• **RAW DATA**:
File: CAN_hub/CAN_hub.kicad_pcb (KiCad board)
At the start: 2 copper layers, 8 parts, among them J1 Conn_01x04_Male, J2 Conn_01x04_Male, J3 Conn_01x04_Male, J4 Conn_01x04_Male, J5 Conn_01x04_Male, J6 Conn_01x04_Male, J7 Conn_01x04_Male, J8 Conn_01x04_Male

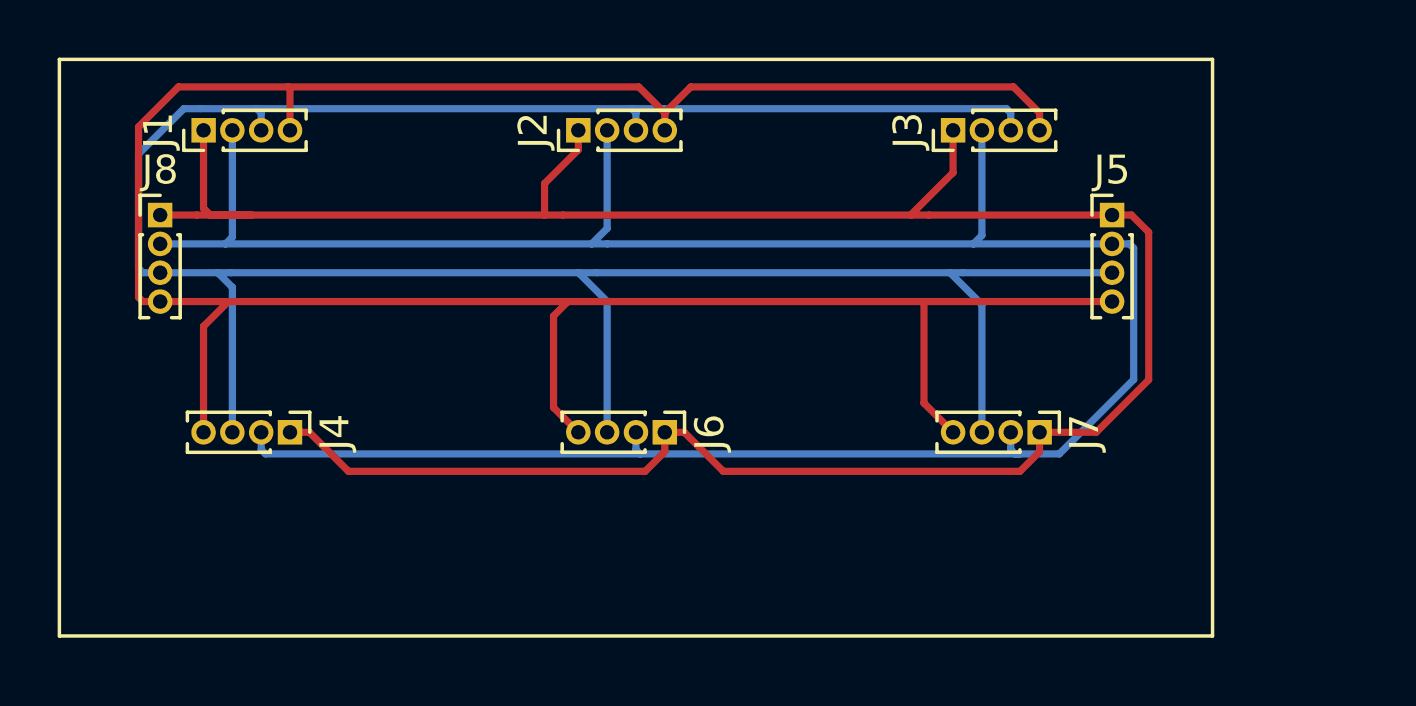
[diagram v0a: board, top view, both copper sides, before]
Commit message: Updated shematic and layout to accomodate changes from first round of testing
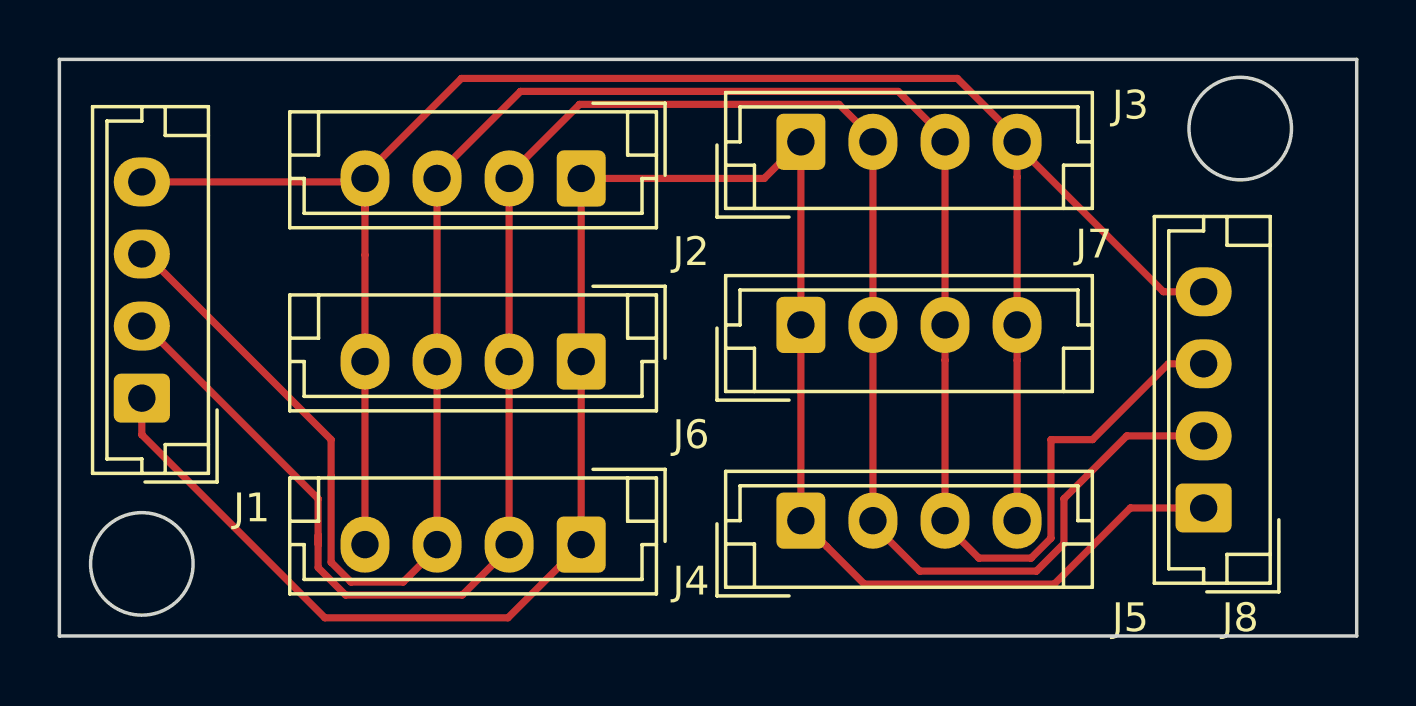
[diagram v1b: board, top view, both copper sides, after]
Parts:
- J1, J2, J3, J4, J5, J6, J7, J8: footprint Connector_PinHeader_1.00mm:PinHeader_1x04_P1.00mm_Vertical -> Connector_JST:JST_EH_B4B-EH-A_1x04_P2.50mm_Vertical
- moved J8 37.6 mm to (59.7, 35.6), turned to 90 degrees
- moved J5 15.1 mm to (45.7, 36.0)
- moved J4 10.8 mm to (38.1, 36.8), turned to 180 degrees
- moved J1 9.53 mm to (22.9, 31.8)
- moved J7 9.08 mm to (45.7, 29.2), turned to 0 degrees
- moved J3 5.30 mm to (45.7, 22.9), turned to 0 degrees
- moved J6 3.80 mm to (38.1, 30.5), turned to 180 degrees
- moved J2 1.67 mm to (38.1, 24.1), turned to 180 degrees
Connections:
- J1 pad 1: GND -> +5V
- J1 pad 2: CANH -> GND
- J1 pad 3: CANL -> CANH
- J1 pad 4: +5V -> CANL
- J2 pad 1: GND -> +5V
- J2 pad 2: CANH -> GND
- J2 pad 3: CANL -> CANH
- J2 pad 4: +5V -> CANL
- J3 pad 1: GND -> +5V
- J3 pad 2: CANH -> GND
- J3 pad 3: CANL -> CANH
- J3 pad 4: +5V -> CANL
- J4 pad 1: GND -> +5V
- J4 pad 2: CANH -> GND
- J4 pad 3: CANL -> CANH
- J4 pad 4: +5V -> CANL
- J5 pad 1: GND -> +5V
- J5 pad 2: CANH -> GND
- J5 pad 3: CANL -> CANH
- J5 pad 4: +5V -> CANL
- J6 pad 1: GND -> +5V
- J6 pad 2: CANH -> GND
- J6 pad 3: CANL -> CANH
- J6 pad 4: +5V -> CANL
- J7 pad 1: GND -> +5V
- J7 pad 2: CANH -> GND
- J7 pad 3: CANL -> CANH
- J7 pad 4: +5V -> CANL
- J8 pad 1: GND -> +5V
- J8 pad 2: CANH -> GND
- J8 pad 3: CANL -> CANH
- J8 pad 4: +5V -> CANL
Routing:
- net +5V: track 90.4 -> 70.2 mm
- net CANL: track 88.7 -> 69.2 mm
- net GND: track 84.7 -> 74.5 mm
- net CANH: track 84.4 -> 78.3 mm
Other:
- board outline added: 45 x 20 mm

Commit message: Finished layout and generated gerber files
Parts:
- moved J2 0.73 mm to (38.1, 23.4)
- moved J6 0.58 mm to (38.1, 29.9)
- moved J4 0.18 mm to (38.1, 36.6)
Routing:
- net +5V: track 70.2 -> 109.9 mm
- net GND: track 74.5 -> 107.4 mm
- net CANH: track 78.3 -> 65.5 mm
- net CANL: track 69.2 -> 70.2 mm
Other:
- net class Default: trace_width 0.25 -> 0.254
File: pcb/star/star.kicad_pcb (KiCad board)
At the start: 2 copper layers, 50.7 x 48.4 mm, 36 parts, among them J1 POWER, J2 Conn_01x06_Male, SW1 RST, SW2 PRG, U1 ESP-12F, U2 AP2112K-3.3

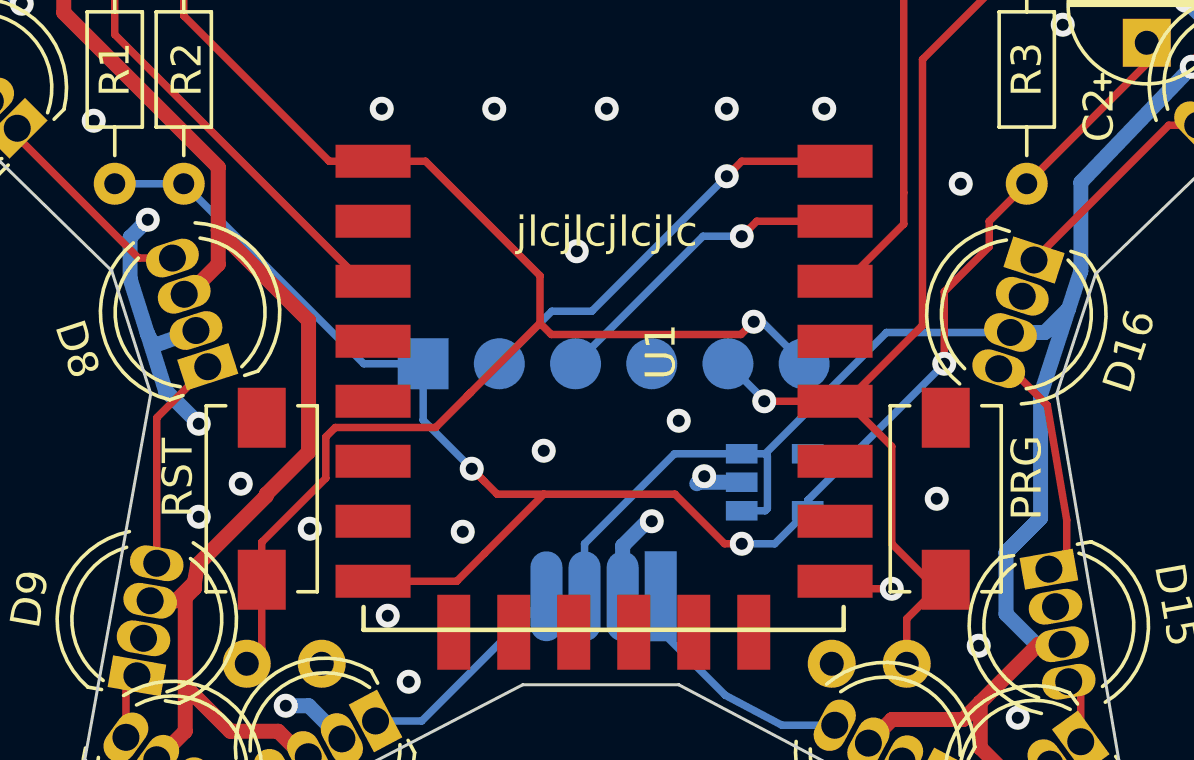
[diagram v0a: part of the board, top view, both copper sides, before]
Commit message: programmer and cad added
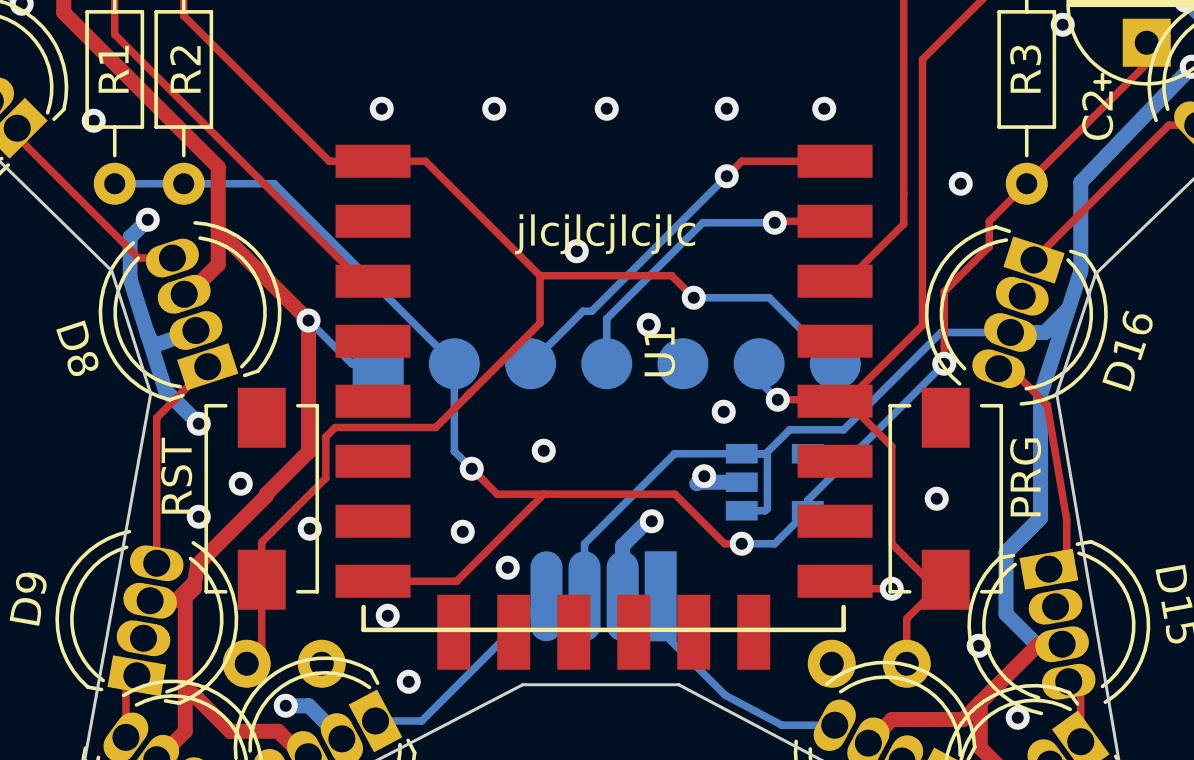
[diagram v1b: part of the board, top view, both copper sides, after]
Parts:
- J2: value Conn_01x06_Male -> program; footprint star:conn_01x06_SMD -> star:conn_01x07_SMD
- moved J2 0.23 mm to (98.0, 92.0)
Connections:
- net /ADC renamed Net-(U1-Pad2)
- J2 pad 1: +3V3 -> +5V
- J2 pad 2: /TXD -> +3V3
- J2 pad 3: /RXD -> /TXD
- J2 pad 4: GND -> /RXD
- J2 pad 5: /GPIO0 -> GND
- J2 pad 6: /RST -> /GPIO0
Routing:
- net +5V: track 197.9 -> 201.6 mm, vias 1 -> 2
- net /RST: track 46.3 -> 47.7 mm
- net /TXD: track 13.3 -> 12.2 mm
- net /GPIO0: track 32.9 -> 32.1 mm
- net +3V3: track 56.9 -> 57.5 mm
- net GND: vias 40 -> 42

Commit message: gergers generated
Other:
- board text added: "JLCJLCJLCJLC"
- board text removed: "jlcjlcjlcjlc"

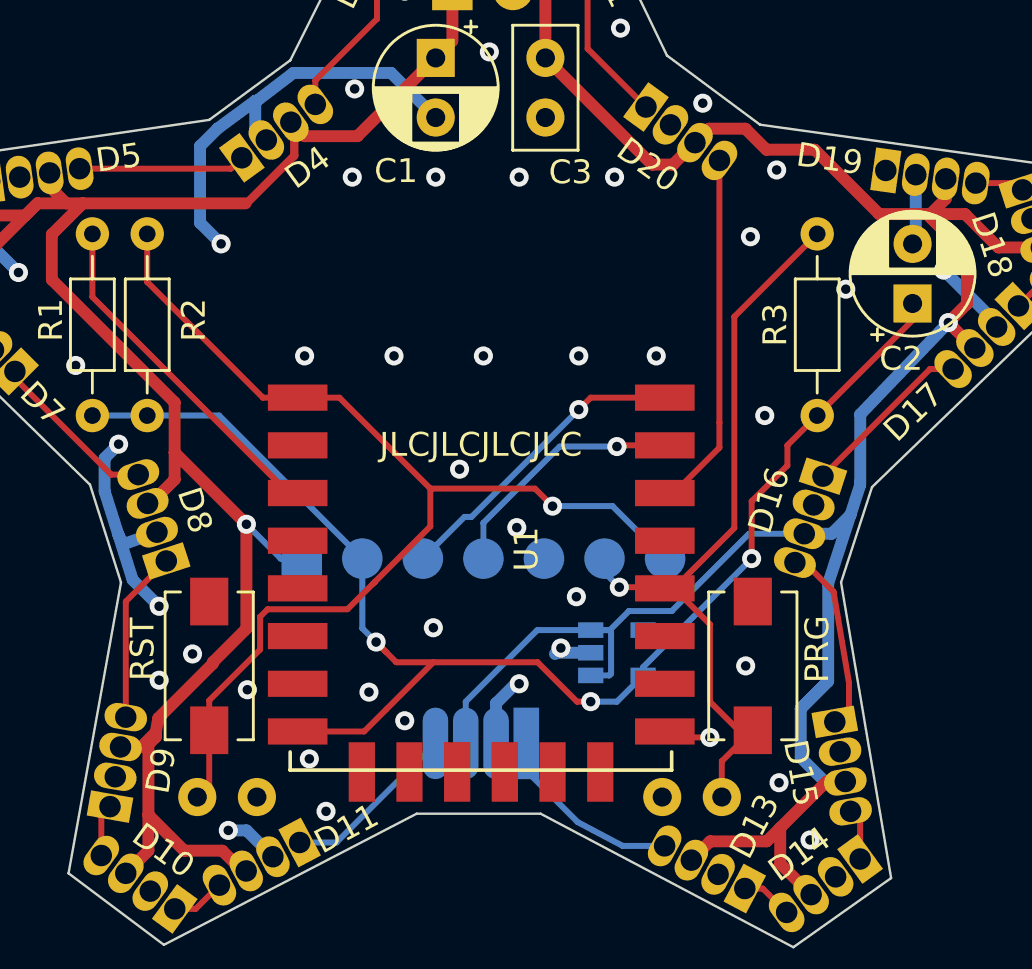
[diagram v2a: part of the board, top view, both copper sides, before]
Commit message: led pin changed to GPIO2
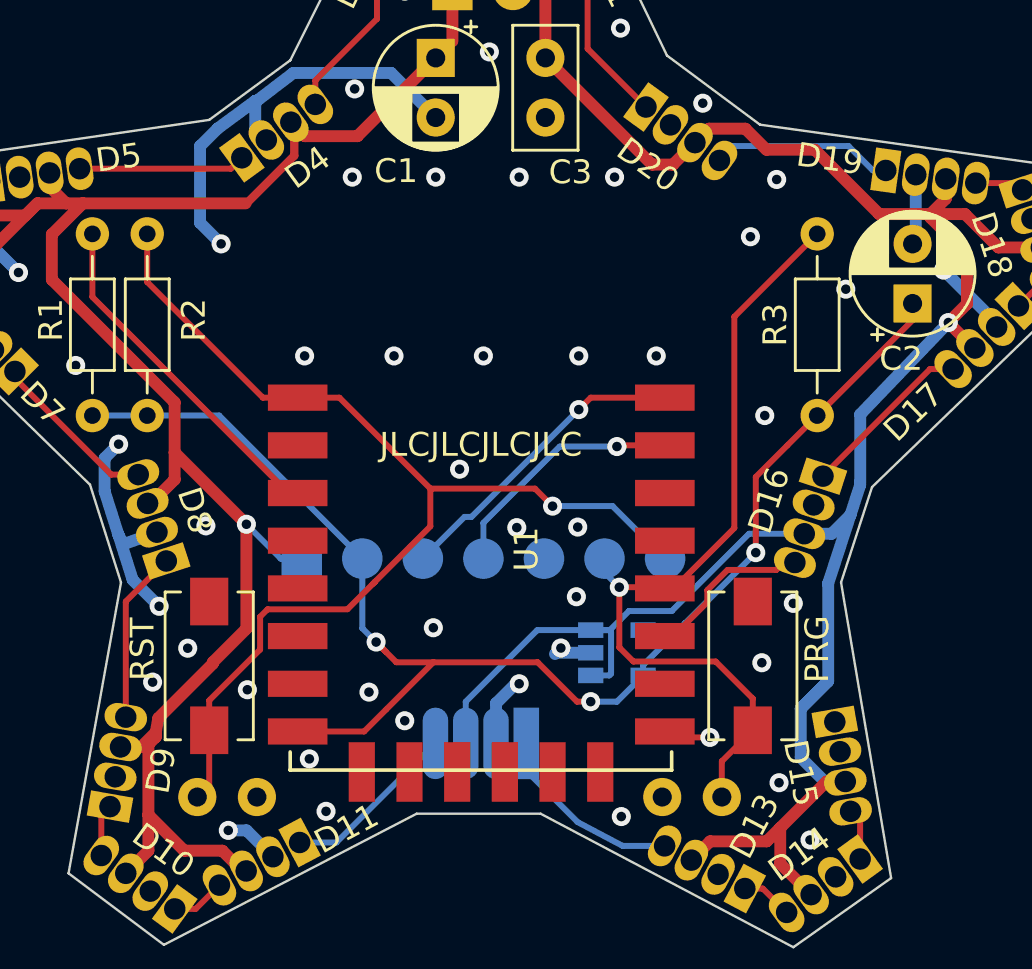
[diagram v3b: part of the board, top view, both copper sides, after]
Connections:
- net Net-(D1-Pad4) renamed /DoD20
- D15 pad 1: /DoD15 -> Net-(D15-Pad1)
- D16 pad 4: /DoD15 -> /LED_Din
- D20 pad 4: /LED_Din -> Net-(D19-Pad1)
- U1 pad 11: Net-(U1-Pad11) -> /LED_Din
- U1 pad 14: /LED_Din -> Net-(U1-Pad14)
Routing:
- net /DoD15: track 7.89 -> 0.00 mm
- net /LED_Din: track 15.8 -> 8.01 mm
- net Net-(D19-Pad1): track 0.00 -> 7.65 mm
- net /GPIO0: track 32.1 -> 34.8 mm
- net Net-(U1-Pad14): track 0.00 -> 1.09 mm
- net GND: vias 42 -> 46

• **AIM OF THE EXERCISE**: Using the records above, give the number of lines in which the word "diagram" occurs, and nothing else.

• **ANSWER TO THIS EXERCISE**: 6